* YOUR TASK
Below are the records; give again exactly the line with "#220=CARTESIAN_POINT('',(16.5200893009419,27.1136340148071,3.));", the line with "#264=ORIENTED_EDGE('',*,*,#263,.T.);", and each line that lies between them, and nothing besides.

DATA EXTRACT below:

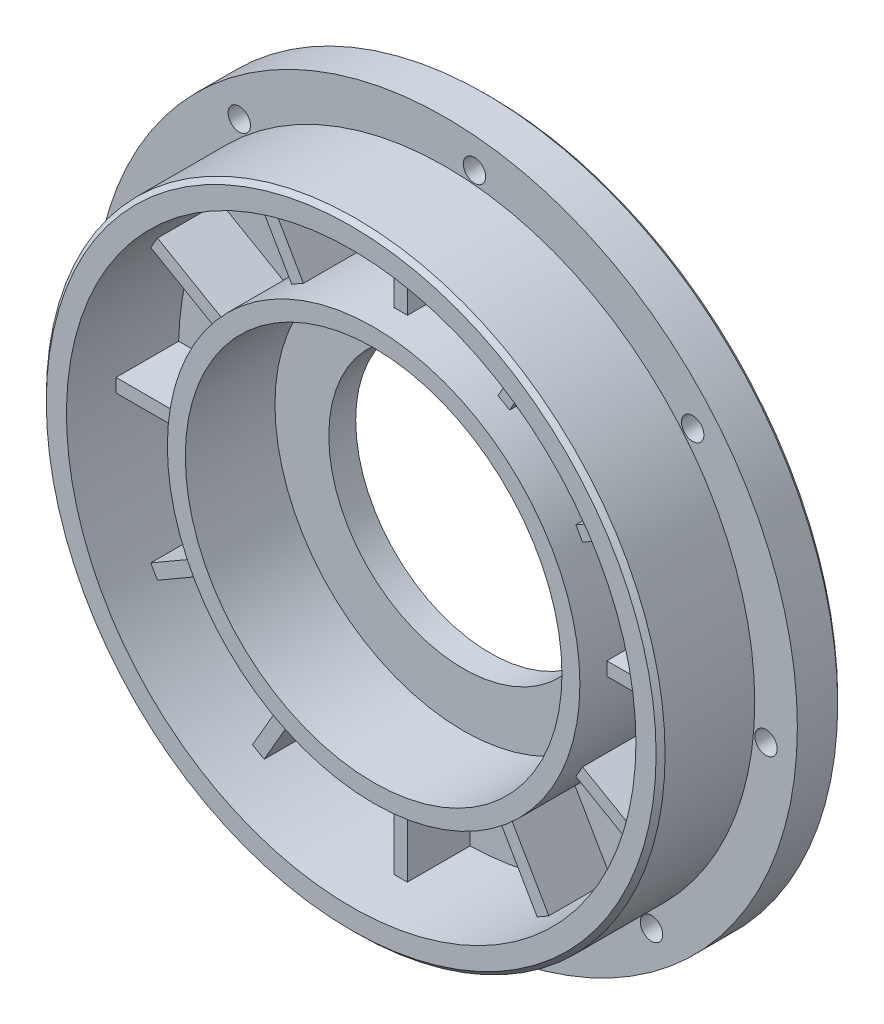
ISO-10303-21;
HEADER;
FILE_DESCRIPTION(('STEP AP214'),'2;1');
FILE_NAME('part.step','',(''),(''),'','','');
FILE_SCHEMA(('AUTOMOTIVE_DESIGN { 1 0 10303 214 1 1 1 1 }'));
ENDSEC;
DATA;
#1=APPLICATION_CONTEXT('core data for automotive mechanical design processes');
#2=APPLICATION_PROTOCOL_DEFINITION('international standard','automotive_design',2000,#1);
#3=PRODUCT_CONTEXT('',#1,'mechanical');
#4=PRODUCT('Part','Part','',(#3));
#5=PRODUCT_RELATED_PRODUCT_CATEGORY('part','',(#4));
#6=PRODUCT_DEFINITION_FORMATION('','',#4);
#7=PRODUCT_DEFINITION_CONTEXT('part definition',#1,'design');
#8=PRODUCT_DEFINITION('design','',#6,#7);
#9=PRODUCT_DEFINITION_SHAPE('','',#8);
#10=(LENGTH_UNIT() NAMED_UNIT(*) SI_UNIT(.MILLI.,.METRE.));
#11=(NAMED_UNIT(*) PLANE_ANGLE_UNIT() SI_UNIT($,.RADIAN.));
#12=(NAMED_UNIT(*) SI_UNIT($,.STERADIAN.) SOLID_ANGLE_UNIT());
#13=UNCERTAINTY_MEASURE_WITH_UNIT(LENGTH_MEASURE(1.E-05),#10,'distance_accuracy_value','');
#14=(GEOMETRIC_REPRESENTATION_CONTEXT(3) GLOBAL_UNCERTAINTY_ASSIGNED_CONTEXT((#13)) GLOBAL_UNIT_ASSIGNED_CONTEXT((#10,
#11,#12)) REPRESENTATION_CONTEXT('',''));
#15=CARTESIAN_POINT('',(0.,0.,0.));
#16=DIRECTION('',(0.,0.,1.));
#17=DIRECTION('',(1.,0.,0.));
#18=AXIS2_PLACEMENT_3D('',#15,#16,#17);
#19=CARTESIAN_POINT('',(0.,0.,0.5));
#20=DIRECTION('',(0.,0.,-1.));
#21=DIRECTION('',(-1.,0.,0.));
#22=AXIS2_PLACEMENT_3D('',#19,#20,#21);
#23=PLANE('',#22);
#24=DIRECTION('',(-0.741384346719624,-0.671080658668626,0.));
#25=VECTOR('',#24,1.);
#26=CARTESIAN_POINT('',(20.8498884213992,21.5703999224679,0.5));
#27=LINE('',#26,#25);
#28=CARTESIAN_POINT('',(20.8498884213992,21.5703999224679,0.5));
#29=VERTEX_POINT('',#28);
#30=CARTESIAN_POINT('',(17.5049020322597,18.5426105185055,0.5));
#31=VERTEX_POINT('',#30);
#32=EDGE_CURVE('E499',#29,#31,#27,.T.);
#33=ORIENTED_EDGE('',*,*,#32,.F.);
#34=CARTESIAN_POINT('',(0.,0.,0.5));
#35=DIRECTION('',(0.,0.,-1.));
#36=DIRECTION('',(-1.,0.,0.));
#37=AXIS2_PLACEMENT_3D('',#34,#35,#36);
#38=CIRCLE('',#37,30.);
#39=CARTESIAN_POINT('',(8.79123947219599,28.6829933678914,0.5));
#40=VERTEX_POINT('',#39);
#41=EDGE_CURVE('E470',#40,#29,#38,.T.);
#42=ORIENTED_EDGE('',*,*,#41,.F.);
#43=DIRECTION('',(0.0497122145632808,0.998763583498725,0.));
#44=VECTOR('',#43,1.);
#45=CARTESIAN_POINT('',(8.79123947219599,28.6829933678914,0.5));
#46=LINE('',#45,#44);
#47=CARTESIAN_POINT('',(8.55917597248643,24.0206266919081,0.5));
#48=VERTEX_POINT('',#47);
#49=EDGE_CURVE('E503',#48,#40,#46,.T.);
#50=ORIENTED_EDGE('',*,*,#49,.F.);
#51=CARTESIAN_POINT('',(0.,0.,0.5));
#52=DIRECTION('',(0.,0.,1.));
#53=DIRECTION('',(-1.,0.,0.));
#54=AXIS2_PLACEMENT_3D('',#51,#52,#53);
#55=CIRCLE('',#54,25.5);
#56=EDGE_CURVE('E501',#31,#48,#55,.T.);
#57=ORIENTED_EDGE('',*,*,#56,.F.);
#58=EDGE_LOOP('',(#33,#42,#50,#57));
#59=FACE_BOUND('',#58,.T.);
#60=CARTESIAN_POINT('',(0.,0.,0.5));
#61=DIRECTION('',(0.,0.,-1.));
#62=DIRECTION('',(-1.,0.,0.));
#63=AXIS2_PLACEMENT_3D('',#60,#61,#62);
#64=CIRCLE('',#63,19.5);
#65=CARTESIAN_POINT('',(-19.5,0.,0.499999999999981));
#66=VERTEX_POINT('',#65);
#67=EDGE_CURVE('E526',#66,#66,#64,.T.);
#68=ORIENTED_EDGE('',*,*,#67,.F.);
#69=EDGE_LOOP('',(#68));
#70=FACE_BOUND('',#69,.T.);
#71=CARTESIAN_POINT('',(0.,0.,0.5));
#72=DIRECTION('',(0.,0.,-1.));
#73=DIRECTION('',(-1.,0.,0.));
#74=AXIS2_PLACEMENT_3D('',#71,#72,#73);
#75=CIRCLE('',#74,31.);
#76=CARTESIAN_POINT('',(-16.4965072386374,26.2462425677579,0.5));
#77=VERTEX_POINT('',#76);
#78=CARTESIAN_POINT('',(22.9829147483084,20.8035004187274,0.5));
#79=VERTEX_POINT('',#78);
#80=EDGE_CURVE('E540',#77,#79,#75,.T.);
#81=ORIENTED_EDGE('',*,*,#80,.T.);
#82=DIRECTION('',(-0.741384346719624,-0.671080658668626,0.));
#83=VECTOR('',#82,1.);
#84=CARTESIAN_POINT('',(17.793224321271,16.105935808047,0.5));
#85=LINE('',#84,#83);
#86=CARTESIAN_POINT('',(17.793224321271,16.105935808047,0.5));
#87=VERTEX_POINT('',#86);
#88=EDGE_CURVE('E543',#79,#87,#85,.T.);
#89=ORIENTED_EDGE('',*,*,#88,.T.);
#90=CARTESIAN_POINT('',(0.,0.,0.5));
#91=DIRECTION('',(0.,0.,-1.));
#92=DIRECTION('',(-1.,0.,0.));
#93=AXIS2_PLACEMENT_3D('',#90,#91,#92);
#94=CIRCLE('',#93,24.);
#95=CARTESIAN_POINT('',(-12.7714894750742,20.3196716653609,0.5));
#96=VERTEX_POINT('',#95);
#97=EDGE_CURVE('E546',#87,#96,#94,.T.);
#98=ORIENTED_EDGE('',*,*,#97,.T.);
#99=DIRECTION('',(-0.532145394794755,0.846652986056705,0.));
#100=VECTOR('',#99,1.);
#101=CARTESIAN_POINT('',(-12.7714894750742,20.3196716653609,0.5));
#102=LINE('',#101,#100);
#103=EDGE_CURVE('E549',#96,#77,#102,.T.);
#104=ORIENTED_EDGE('',*,*,#103,.T.);
#105=EDGE_LOOP('',(#81,#89,#98,#104));
#106=FACE_BOUND('',#105,.T.);
#107=DIRECTION('',(0.0497122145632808,0.998763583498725,0.));
#108=VECTOR('',#107,1.);
#109=CARTESIAN_POINT('',(8.50716108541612,22.9756003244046,0.5));
#110=LINE('',#109,#108);
#111=CARTESIAN_POINT('',(8.29664225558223,18.7460856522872,0.5));
#112=VERTEX_POINT('',#111);
#113=CARTESIAN_POINT('',(8.50716108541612,22.9756003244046,0.5));
#114=VERTEX_POINT('',#113);
#115=EDGE_CURVE('E480',#112,#114,#110,.T.);
#116=ORIENTED_EDGE('',*,*,#115,.F.);
#117=CARTESIAN_POINT('',(0.,0.,0.5));
#118=DIRECTION('',(0.,0.,1.));
#119=DIRECTION('',(-1.,0.,0.));
#120=AXIS2_PLACEMENT_3D('',#117,#118,#119);
#121=CIRCLE('',#120,20.5);
#122=CARTESIAN_POINT('',(13.7837146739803,15.1742943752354,0.5));
#123=VERTEX_POINT('',#122);
#124=EDGE_CURVE('E481',#123,#112,#121,.T.);
#125=ORIENTED_EDGE('',*,*,#124,.F.);
#126=DIRECTION('',(-0.741384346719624,-0.671080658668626,0.));
#127=VECTOR('',#126,1.);
#128=CARTESIAN_POINT('',(16.7611328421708,17.8693711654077,0.5));
#129=LINE('',#128,#127);
#130=CARTESIAN_POINT('',(16.7611328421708,17.8693711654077,0.5));
#131=VERTEX_POINT('',#130);
#132=EDGE_CURVE('E476',#131,#123,#129,.T.);
#133=ORIENTED_EDGE('',*,*,#132,.F.);
#134=CARTESIAN_POINT('',(0.,0.,0.5));
#135=DIRECTION('',(0.,0.,-1.));
#136=DIRECTION('',(-1.,0.,0.));
#137=AXIS2_PLACEMENT_3D('',#134,#135,#136);
#138=CIRCLE('',#137,24.5);
#139=EDGE_CURVE('E493',#114,#131,#138,.T.);
#140=ORIENTED_EDGE('',*,*,#139,.F.);
#141=EDGE_LOOP('',(#116,#125,#133,#140));
#142=FACE_BOUND('',#141,.T.);
#143=ADVANCED_FACE('F36',(#59,#70,#106,#142),#23,.T.);
#144=CARTESIAN_POINT('',(0.,0.,0.));
#145=DIRECTION('',(0.,0.,1.));
#146=DIRECTION('',(1.,0.,0.));
#147=AXIS2_PLACEMENT_3D('',#144,#145,#146);
#148=PLANE('',#147);
#149=CARTESIAN_POINT('',(0.,0.,0.));
#150=DIRECTION('',(0.,0.,1.));
#151=DIRECTION('',(1.,0.,0.));
#152=AXIS2_PLACEMENT_3D('',#149,#150,#151);
#153=CIRCLE('',#152,15.);
#154=CARTESIAN_POINT('',(15.,0.,0.));
#155=VERTEX_POINT('',#154);
#156=EDGE_CURVE('E959',#155,#155,#153,.T.);
#157=ORIENTED_EDGE('',*,*,#156,.T.);
#158=EDGE_LOOP('',(#157));
#159=FACE_BOUND('',#158,.T.);
#160=CARTESIAN_POINT('',(0.,0.,0.));
#161=DIRECTION('',(0.,0.,-1.));
#162=DIRECTION('',(-1.,0.,0.));
#163=AXIS2_PLACEMENT_3D('',#160,#161,#162);
#164=CIRCLE('',#163,19.5);
#165=CARTESIAN_POINT('',(-19.5,0.,0.));
#166=VERTEX_POINT('',#165);
#167=EDGE_CURVE('E523',#166,#166,#164,.T.);
#168=ORIENTED_EDGE('',*,*,#167,.T.);
#169=EDGE_LOOP('',(#168));
#170=FACE_BOUND('',#169,.T.);
#171=ADVANCED_FACE('F1183',(#159,#170),#148,.F.);
#172=CARTESIAN_POINT('',(0.,0.,3.));
#173=DIRECTION('',(0.,0.,1.));
#174=DIRECTION('',(1.,0.,0.));
#175=AXIS2_PLACEMENT_3D('',#172,#173,#174);
#176=PLANE('',#175);
#177=CARTESIAN_POINT('',(0.,0.,3.));
#178=DIRECTION('',(0.,0.,1.));
#179=DIRECTION('',(1.,0.,0.));
#180=AXIS2_PLACEMENT_3D('',#177,#178,#179);
#181=CIRCLE('',#180,23.);
#182=CARTESIAN_POINT('',(10.8443651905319,20.2829914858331,3.));
#183=VERTEX_POINT('',#182);
#184=CARTESIAN_POINT('',(0.749999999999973,22.9877684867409,3.));
#185=VERTEX_POINT('',#184);
#186=EDGE_CURVE('E982',#183,#185,#181,.T.);
#187=ORIENTED_EDGE('',*,*,#186,.F.);
#188=DIRECTION('',(0.499999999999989,0.866025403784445,0.));
#189=VECTOR('',#188,1.);
#190=CARTESIAN_POINT('',(-0.649519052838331,0.374999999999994,3.));
#191=LINE('',#190,#189);
#192=CARTESIAN_POINT('',(15.2210511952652,27.8636340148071,3.));
#193=VERTEX_POINT('',#192);
#194=EDGE_CURVE('E658',#183,#193,#191,.T.);
#195=ORIENTED_EDGE('',*,*,#194,.T.);
#196=CARTESIAN_POINT('',(0.,0.,3.));
#197=DIRECTION('',(0.,0.,1.));
#198=DIRECTION('',(1.,0.,0.));
#199=AXIS2_PLACEMENT_3D('',#196,#197,#198);
#200=CIRCLE('',#199,31.75);
#201=CARTESIAN_POINT('',(0.749999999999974,31.7411404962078,3.));
#202=VERTEX_POINT('',#201);
#203=EDGE_CURVE('E950',#193,#202,#200,.T.);
#204=ORIENTED_EDGE('',*,*,#203,.T.);
#205=DIRECTION('',(0.,1.,0.));
#206=VECTOR('',#205,1.);
#207=CARTESIAN_POINT('',(0.750000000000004,0.,3.));
#208=LINE('',#207,#206);
#209=EDGE_CURVE('E930',#185,#202,#208,.T.);
#210=ORIENTED_EDGE('',*,*,#209,.F.);
#211=EDGE_LOOP('',(#187,#195,#204,#210));
#212=FACE_BOUND('',#211,.T.);
#213=ADVANCED_FACE('F1171',(#212),#176,.T.);
#214=DIRECTION('',(0.499999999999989,0.866025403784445,0.));
#215=VECTOR('',#214,1.);
#216=CARTESIAN_POINT('',(0.64951905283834,-0.374999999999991,3.));
#217=LINE('',#216,#215);
#218=CARTESIAN_POINT('',(12.1434032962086,19.5329914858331,3.));
#219=VERTEX_POINT('',#218);
#220=CARTESIAN_POINT('',(16.5200893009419,27.1136340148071,3.));
#221=VERTEX_POINT('',#220);
#222=EDGE_CURVE('E647',#219,#221,#217,.T.);
#223=ORIENTED_EDGE('',*,*,#222,.F.);
#224=CARTESIAN_POINT('',(19.5329914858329,12.143403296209,3.));
#225=VERTEX_POINT('',#224);
#226=EDGE_CURVE('E1510',#225,#219,#181,.T.);
#227=ORIENTED_EDGE('',*,*,#226,.F.);
#228=DIRECTION('',(0.866025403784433,0.50000000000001,0.));
#229=VECTOR('',#228,1.);
#230=CARTESIAN_POINT('',(-0.375000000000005,0.649519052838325,3.));
#231=LINE('',#230,#229);
#232=CARTESIAN_POINT('',(27.1136340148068,16.5200893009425,3.));
#233=VERTEX_POINT('',#232);
#234=EDGE_CURVE('E683',#225,#233,#231,.T.);
#235=ORIENTED_EDGE('',*,*,#234,.T.);
#236=EDGE_CURVE('E1441',#233,#221,#200,.T.);
#237=ORIENTED_EDGE('',*,*,#236,.T.);
#238=EDGE_LOOP('',(#223,#227,#235,#237));
#239=FACE_BOUND('',#238,.T.);
#240=ADVANCED_FACE('F1445',(#239),#176,.T.);
#241=DIRECTION('',(0.866025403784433,0.50000000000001,0.));
#242=VECTOR('',#241,1.);
#243=CARTESIAN_POINT('',(0.375000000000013,-0.649519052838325,3.));
#244=LINE('',#243,#242);
#245=CARTESIAN_POINT('',(20.2829914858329,10.8443651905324,3.));
#246=VERTEX_POINT('',#245);
#247=CARTESIAN_POINT('',(27.8636340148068,15.2210511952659,3.00000000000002));
#248=VERTEX_POINT('',#247);
#249=EDGE_CURVE('E672',#246,#248,#244,.T.);
#250=ORIENTED_EDGE('',*,*,#249,.F.);
#251=CARTESIAN_POINT('',(22.987768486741,0.750000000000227,3.));
#252=VERTEX_POINT('',#251);
#253=EDGE_CURVE('E1506',#252,#246,#181,.T.);
#254=ORIENTED_EDGE('',*,*,#253,.F.);
#255=DIRECTION('',(1.,0.,0.));
#256=VECTOR('',#255,1.);
#257=CARTESIAN_POINT('',(0.,0.750000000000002,3.));
#258=LINE('',#257,#256);
#259=CARTESIAN_POINT('',(31.7411404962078,0.750000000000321,3.00000000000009));
#260=VERTEX_POINT('',#259);
#261=EDGE_CURVE('E708',#252,#260,#258,.T.);
#262=ORIENTED_EDGE('',*,*,#261,.T.);
#263=EDGE_CURVE('E1448',#260,#248,#200,.T.);
#264=ORIENTED_EDGE('',*,*,#263,.T.);
#265=EDGE_LOOP('',(#250,#254,#262,#264));
#266=FACE_BOUND('',#265,.T.);
#267=ADVANCED_FACE('F1523',(#266),#176,.T.);
#268=DIRECTION('',(1.,0.,0.));
#269=VECTOR('',#268,1.);
#270=CARTESIAN_POINT('',(0.,-0.749999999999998,3.));
#271=LINE('',#270,#269);
#272=CARTESIAN_POINT('',(22.987768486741,-0.749999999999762,3.));
#273=VERTEX_POINT('',#272);
#274=CARTESIAN_POINT('',(31.7411404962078,-0.749999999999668,3.00000000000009));
#275=VERTEX_POINT('',#274);
#276=EDGE_CURVE('E697',#273,#275,#271,.T.);
#277=ORIENTED_EDGE('',*,*,#276,.F.);
#278=CARTESIAN_POINT('',(20.2829914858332,-10.844365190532,3.));
#279=VERTEX_POINT('',#278);
#280=EDGE_CURVE('E1502',#279,#273,#181,.T.);
#281=ORIENTED_EDGE('',*,*,#280,.F.);
#282=DIRECTION('',(0.866025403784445,-0.499999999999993,0.));
#283=VECTOR('',#282,1.);
#284=CARTESIAN_POINT('',(0.374999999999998,0.649519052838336,3.));
#285=LINE('',#284,#283);
#286=CARTESIAN_POINT('',(27.8636340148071,-15.2210511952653,3.00000000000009));
#287=VERTEX_POINT('',#286);
#288=EDGE_CURVE('E723',#279,#287,#285,.T.);
#289=ORIENTED_EDGE('',*,*,#288,.T.);
#290=EDGE_CURVE('E1450',#287,#275,#200,.T.);
#291=ORIENTED_EDGE('',*,*,#290,.T.);
#292=EDGE_LOOP('',(#277,#281,#289,#291));
#293=FACE_BOUND('',#292,.T.);
#294=ADVANCED_FACE('F1533',(#293),#176,.T.);
#295=DIRECTION('',(0.866025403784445,-0.499999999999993,0.));
#296=VECTOR('',#295,1.);
#297=CARTESIAN_POINT('',(-0.374999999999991,-0.649519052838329,3.));
#298=LINE('',#297,#296);
#299=CARTESIAN_POINT('',(19.5329914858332,-12.1434032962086,3.));
#300=VERTEX_POINT('',#299);
#301=CARTESIAN_POINT('',(27.1136340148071,-16.520089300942,3.00000000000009));
#302=VERTEX_POINT('',#301);
#303=EDGE_CURVE('E731',#300,#302,#298,.T.);
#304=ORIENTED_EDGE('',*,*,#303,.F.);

End of DATA EXTRACT.

* RESPONSE TO THIS EXERCISE
#220=CARTESIAN_POINT('',(16.5200893009419,27.1136340148071,3.));
#221=VERTEX_POINT('',#220);
#222=EDGE_CURVE('E647',#219,#221,#217,.T.);
#223=ORIENTED_EDGE('',*,*,#222,.F.);
#224=CARTESIAN_POINT('',(19.5329914858329,12.143403296209,3.));
#225=VERTEX_POINT('',#224);
#226=EDGE_CURVE('E1510',#225,#219,#181,.T.);
#227=ORIENTED_EDGE('',*,*,#226,.F.);
#228=DIRECTION('',(0.866025403784433,0.50000000000001,0.));
#229=VECTOR('',#228,1.);
#230=CARTESIAN_POINT('',(-0.375000000000005,0.649519052838325,3.));
#231=LINE('',#230,#229);
#232=CARTESIAN_POINT('',(27.1136340148068,16.5200893009425,3.));
#233=VERTEX_POINT('',#232);
#234=EDGE_CURVE('E683',#225,#233,#231,.T.);
#235=ORIENTED_EDGE('',*,*,#234,.T.);
#236=EDGE_CURVE('E1441',#233,#221,#200,.T.);
#237=ORIENTED_EDGE('',*,*,#236,.T.);
#238=EDGE_LOOP('',(#223,#227,#235,#237));
#239=FACE_BOUND('',#238,.T.);
#240=ADVANCED_FACE('F1445',(#239),#176,.T.);
#241=DIRECTION('',(0.866025403784433,0.50000000000001,0.));
#242=VECTOR('',#241,1.);
#243=CARTESIAN_POINT('',(0.375000000000013,-0.649519052838325,3.));
#244=LINE('',#243,#242);
#245=CARTESIAN_POINT('',(20.2829914858329,10.8443651905324,3.));
#246=VERTEX_POINT('',#245);
#247=CARTESIAN_POINT('',(27.8636340148068,15.2210511952659,3.00000000000002));
#248=VERTEX_POINT('',#247);
#249=EDGE_CURVE('E672',#246,#248,#244,.T.);
#250=ORIENTED_EDGE('',*,*,#249,.F.);
#251=CARTESIAN_POINT('',(22.987768486741,0.750000000000227,3.));
#252=VERTEX_POINT('',#251);
#253=EDGE_CURVE('E1506',#252,#246,#181,.T.);
#254=ORIENTED_EDGE('',*,*,#253,.F.);
#255=DIRECTION('',(1.,0.,0.));
#256=VECTOR('',#255,1.);
#257=CARTESIAN_POINT('',(0.,0.750000000000002,3.));
#258=LINE('',#257,#256);
#259=CARTESIAN_POINT('',(31.7411404962078,0.750000000000321,3.00000000000009));
#260=VERTEX_POINT('',#259);
#261=EDGE_CURVE('E708',#252,#260,#258,.T.);
#262=ORIENTED_EDGE('',*,*,#261,.T.);
#263=EDGE_CURVE('E1448',#260,#248,#200,.T.);
#264=ORIENTED_EDGE('',*,*,#263,.T.);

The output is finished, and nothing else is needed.